__TASK GOAL__
The entries below hold a line with "line L17 (-6.6, 1.65) -> (-6.6, -2.95)" and a line with "point P16 (0, 3.65)". Return those lines and all that lie between them, exactly and only.

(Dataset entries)

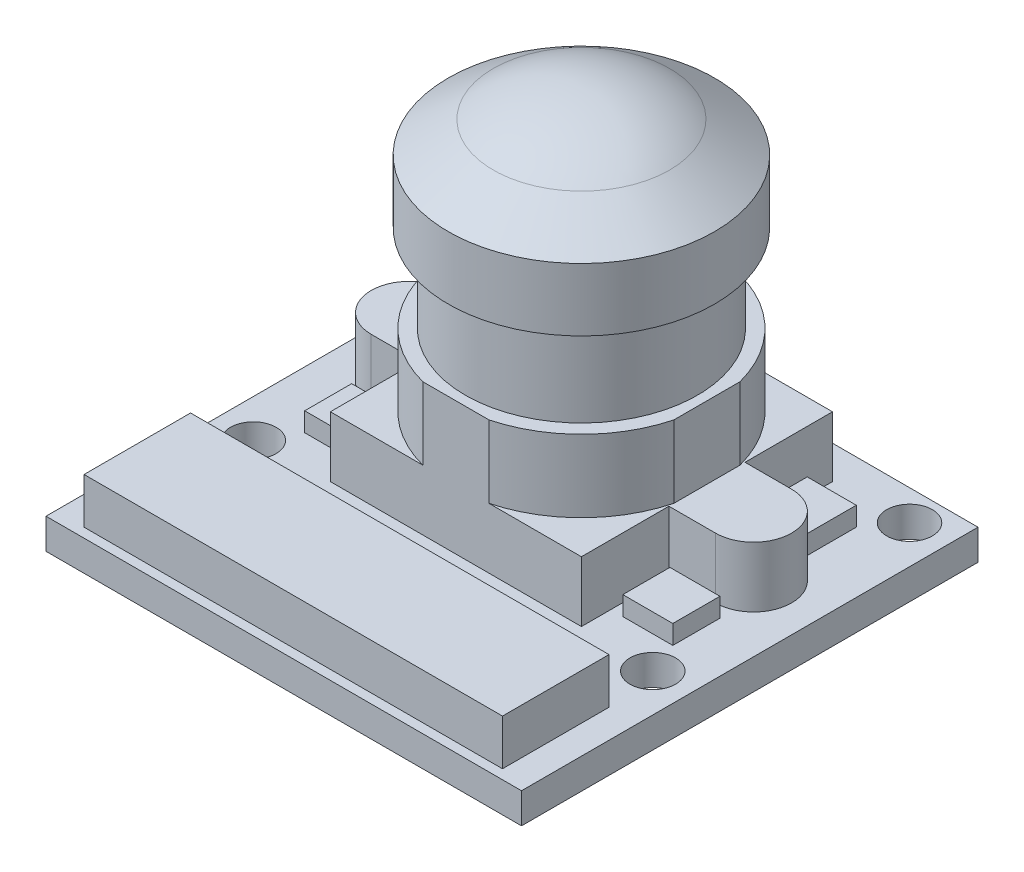
SolidWorks part; units mm, degrees
ref_plane "Plan de face" through (0, 0, 0) normal (0, 0, 1) x (1, 0, 0)
ref_plane "Plan de dessus" through (0, 0, 0) normal (0, 1, 0) x (1, 0, 0)
ref_plane "Plan de droite" through (0, 0, 0) normal (1, 0, 0) x (0, 0, -1)
sketch "Esquisse1" plane through (0, 0, 0) normal (0, 1, 0) x (1, 0, 0)
  line L0 (-12.5, -12) -> (12.5, 12) construction
  line L1 (-12.5, 12) -> (12.5, 12)
  line L2 (-12.5, 12) -> (-12.5, -12)
  line L3 (-12.5, -12) -> (12.5, -12)
  line L4 (12.5, 12) -> (12.5, -12)
  point P4 (0, 0)
  dimension "D1" = 24
  dimension "D2" = 25
extrude "Boss.-Extru.1" add sketch "Esquisse1" along normal blind 1.6
sketch "Esquisse4" plane through (0, 1.6, 0) normal (0, 1, 0) x (1, 0, 0)
  line L7 (6.6, 10.25) -> (6.6, 5.65)
  line L8 (9.05, 1.65) -> (6.6, 1.65)
  line L9 (9.05, 5.65) -> (6.6, 5.65)
  line L10 (6.6, 1.65) -> (6.6, -2.95)
  line L14 (0, -2.95) -> (0, 10.25) construction
  line L15 (-6.6, -2.95) -> (6.6, -2.95)
  line L16 (6.6, 10.25) -> (-6.6, 10.25)
  line L17 (-6.6, 1.65) -> (-6.6, -2.95)
  line L18 (-9.05, 5.65) -> (-6.6, 5.65)
  line L19 (-9.05, 1.65) -> (-6.6, 1.65)
  line L20 (-6.6, 10.25) -> (-6.6, 5.65)
  line L21 (-12.5, -12) -> (12.5, -12) construction
  arc A0 (9.05, 1.65) -> (9.05, 5.65) centre (9.05, 3.65) ccw
  arc A2 (-9.05, 1.65) -> (-9.05, 5.65) centre (-9.05, 3.65) cw
  point P16 (0, 3.65)
  point P21 (11.05, 3.65)
  dimension "D4" = 2
  dimension "D1" = 15.65
  dimension "D2" = 13.2
  dimension "D3" = 4.45
extrude "Boss.-Extru.2" add sketch "Esquisse4" along normal blind 3.18
sketch "Esquisse5" plane through (0, 4.78, 0) normal (0, 1, 0) x (1, 0, 0)
  line L0 (-6.6, 10.25) -> (6.6, -2.95) construction
  line L1 (-6.6, 1.912) -> (-6.6, 5.388)
  line L7 (-1.738, -2.95) -> (1.738, -2.95)
  line L8 (-6.6, -2.95) -> (6.6, -2.95) construction
  line L9 (0, 3.65) -> (0, 5.7992) construction
  line L10 (0, 3.65) -> (1.4511, 3.65) construction
  line L11 (-1.738, 10.25) -> (1.738, 10.25)
  line L12 (6.6, 1.912) -> (6.6, 5.388)
  arc A4 (-6.6, 1.912) -> (-1.738, -2.95) centre (0, 3.65) ccw
  arc A5 (-6.6, 5.388) -> (-1.738, 10.25) centre (0, 3.65) cw
  arc A6 (6.6, 1.912) -> (1.738, -2.95) centre (0, 3.65) cw
  arc A7 (6.6, 5.388) -> (1.738, 10.25) centre (0, 3.65) ccw
  point P10 (0, 10.25)
  point P24 (-6.6, 3.65)
  point P28 (0, -2.95)
  dimension "D1" = 6.825
extrude "Boss.-Extru.3" add sketch "Esquisse5" along normal blind 3.8
sketch "Esquisse6" plane through (0, 8.58, 0) normal (0, 1, 0) x (1, 0, 0)
  circle A0 centre (0, 3.65) radius 6.1
  dimension "D1" = 12.2
extrude "Boss.-Extru.4" add sketch "Esquisse6" along normal blind 4.6
ref_plane "Plan1" through (0, 0, -3.65) normal (0, 0, -1) x (-1, 0, 0)
sketch "Esquisse8" plane through (0, 0, -3.65) normal (0, 0, 1) x (1, 0, 0)
  line L0 (0, 13.18) -> (-7, 13.18)
  line L1 (6.1, 13.18) -> (-6.1, 13.18) construction
  line L2 (-7, 13.18) -> (-7, 16.48)
  line L3 (-7, 16.48) -> (-4.6317, 18.0985)
  line L4 (0, 13.18) -> (0, 19.53)
  arc A0 (-4.6317, 18.0985) -> (0, 19.53) centre (0, 11.3211) cw
  dimension "D1" = 7
  dimension "D2" = 3.3
  dimension "D3" = 6.35
revolve "Révolution1" add sketch "Esquisse8" angle 360 about L4
hole_wizard "Dégagement M21" positions "Esquisse9" profile "Esquisse10" hole size "M2" standard "Ansi Metric" end condition through all
sketch "Esquisse9" plane through (0, 1.6, 0) normal (0, 1, 0) x (1, 0, 0)
  line L0 (0, 3.65) -> (0, 5.9159) construction
  line L2 (0, 3.65) -> (2.1745, 3.65) construction
  point P0 (-10.5, 10.4)
  point P15 (10.5, 10.4)
  point P16 (10.5, -3.1)
  point P17 (-10.5, -3.1)
  dimension "D1" = 21
  dimension "D2" = 13.5
sketch "Esquisse10" plane through (-10.5, 1.6, -10.4) normal (1, 0, 0) x (0, 0, 1)
  line L0 (0, 0) -> (0, 1.6)
  line L1 (0, 1.6) -> (1.2, 1.6)
  line L2 (1.2, 1.6) -> (1.2, 0)
  line L5 (1.2, 0) -> (0, 0)
  line L11 (0, -6.35) -> (0, 107.95) construction
  dimension "Diamètre du perçage jusqu'au prochain" = 2.4
  dimension "Profondeur du perçage jusqu'au prochain" = 1.6
sketch "Esquisse11" plane through (0, 1.6, 0) normal (0, 1, 0) x (1, 0, 0)
  line L0 (-12.5, -12) -> (12.5, -12) construction
  line L1 (-11, -5.9) -> (11, -5.9)
  line L2 (-11, -5.9) -> (-11, -11.5)
  line L3 (-11, -11.5) -> (11, -11.5)
  line L4 (11, -5.9) -> (11, -11.5)
  point P4 (0, -11.5)
  dimension "D1" = 22
  dimension "D2" = 5.6
  dimension "D3" = 0.5
extrude "Boss.-Extru.6" add sketch "Esquisse11" along normal blind 2.4
sketch "Esquisse12" plane through (0, 0, 0) normal (0, -1, 0) x (1, 0, 0)
  circle A0 centre (-9.05, -3.65) radius 1.56
  circle A1 centre (9.05, -3.65) radius 1.56
  dimension "D1" = 3.12
extrude "Boss.-Extru.7" add sketch "Esquisse12" along normal blind 1.1
sketch "Esquisse13" plane through (0, 1.6, 0) normal (0, 1, 0) x (1, 0, 0)
  line L0 (12.5, 12) -> (-12.5, 12) construction
  line L1 (6.7228, 8.8) -> (9.3, 8.8)
  line L2 (6.7228, 8.8) -> (6.7228, 5.7794)
  line L3 (6.7228, 5.7794) -> (9.3, 5.7794)
  line L4 (9.3, 8.8) -> (9.3, 5.7794)
  line L5 (12.5, -12) -> (12.5, 12) construction
  line L6 (-12.5, 12) -> (-12.5, -12) construction
  line L7 (7.2328, 1.0707) -> (9.8609, 1.0707)
  line L8 (7.2328, 1.0707) -> (7.2328, -1.4069)
  line L9 (7.2328, -1.4069) -> (9.8609, -1.4069)
  line L10 (9.8609, 1.0707) -> (9.8609, -1.4069)
  line L11 (-9.5, 1.0707) -> (-7.2399, 1.0707)
  line L12 (-9.5, 1.0707) -> (-9.5, -1.4)
  line L13 (-9.5, -1.4) -> (-7.2399, -1.4)
  line L14 (-7.2399, 1.0707) -> (-7.2399, -1.4)
  line L15 (-9.7, 8.2) -> (-6.949, 8.2)
  line L16 (-9.7, 8.2) -> (-9.7, 5.8854)
  line L17 (-9.7, 5.8854) -> (-6.949, 5.8854)
  line L18 (-6.949, 8.2) -> (-6.949, 5.8854)
  line L19 (-12.5, -12) -> (12.5, -12) construction
  dimension "D1" = 3.2
  dimension "D2" = 3.2
  dimension "D3" = 3.8
  dimension "D4" = 2.8
  dimension "D5" = 3
  dimension "D6" = 10.6
extrude "Boss.-Extru.8" add sketch "Esquisse13" along normal blind 1
ref_point "camera origin"
ref_axis "Axe1" through (0, -2.1315, -3.65) along (0, 1, 0)
ref_plane "Plan2" through (0, 2000, 0) normal (0, 1, 0) x (1, 0, 0)
ref_point "camera target"
equation "\"D2@Esquisse13\"=\"D1@Esquisse13\""

__EXERCISE SOLUTION__
  line L17 (-6.6, 1.65) -> (-6.6, -2.95)
  line L18 (-9.05, 5.65) -> (-6.6, 5.65)
  line L19 (-9.05, 1.65) -> (-6.6, 1.65)
  line L20 (-6.6, 10.25) -> (-6.6, 5.65)
  line L21 (-12.5, -12) -> (12.5, -12) construction
  arc A0 (9.05, 1.65) -> (9.05, 5.65) centre (9.05, 3.65) ccw
  arc A2 (-9.05, 1.65) -> (-9.05, 5.65) centre (-9.05, 3.65) cw
  point P16 (0, 3.65)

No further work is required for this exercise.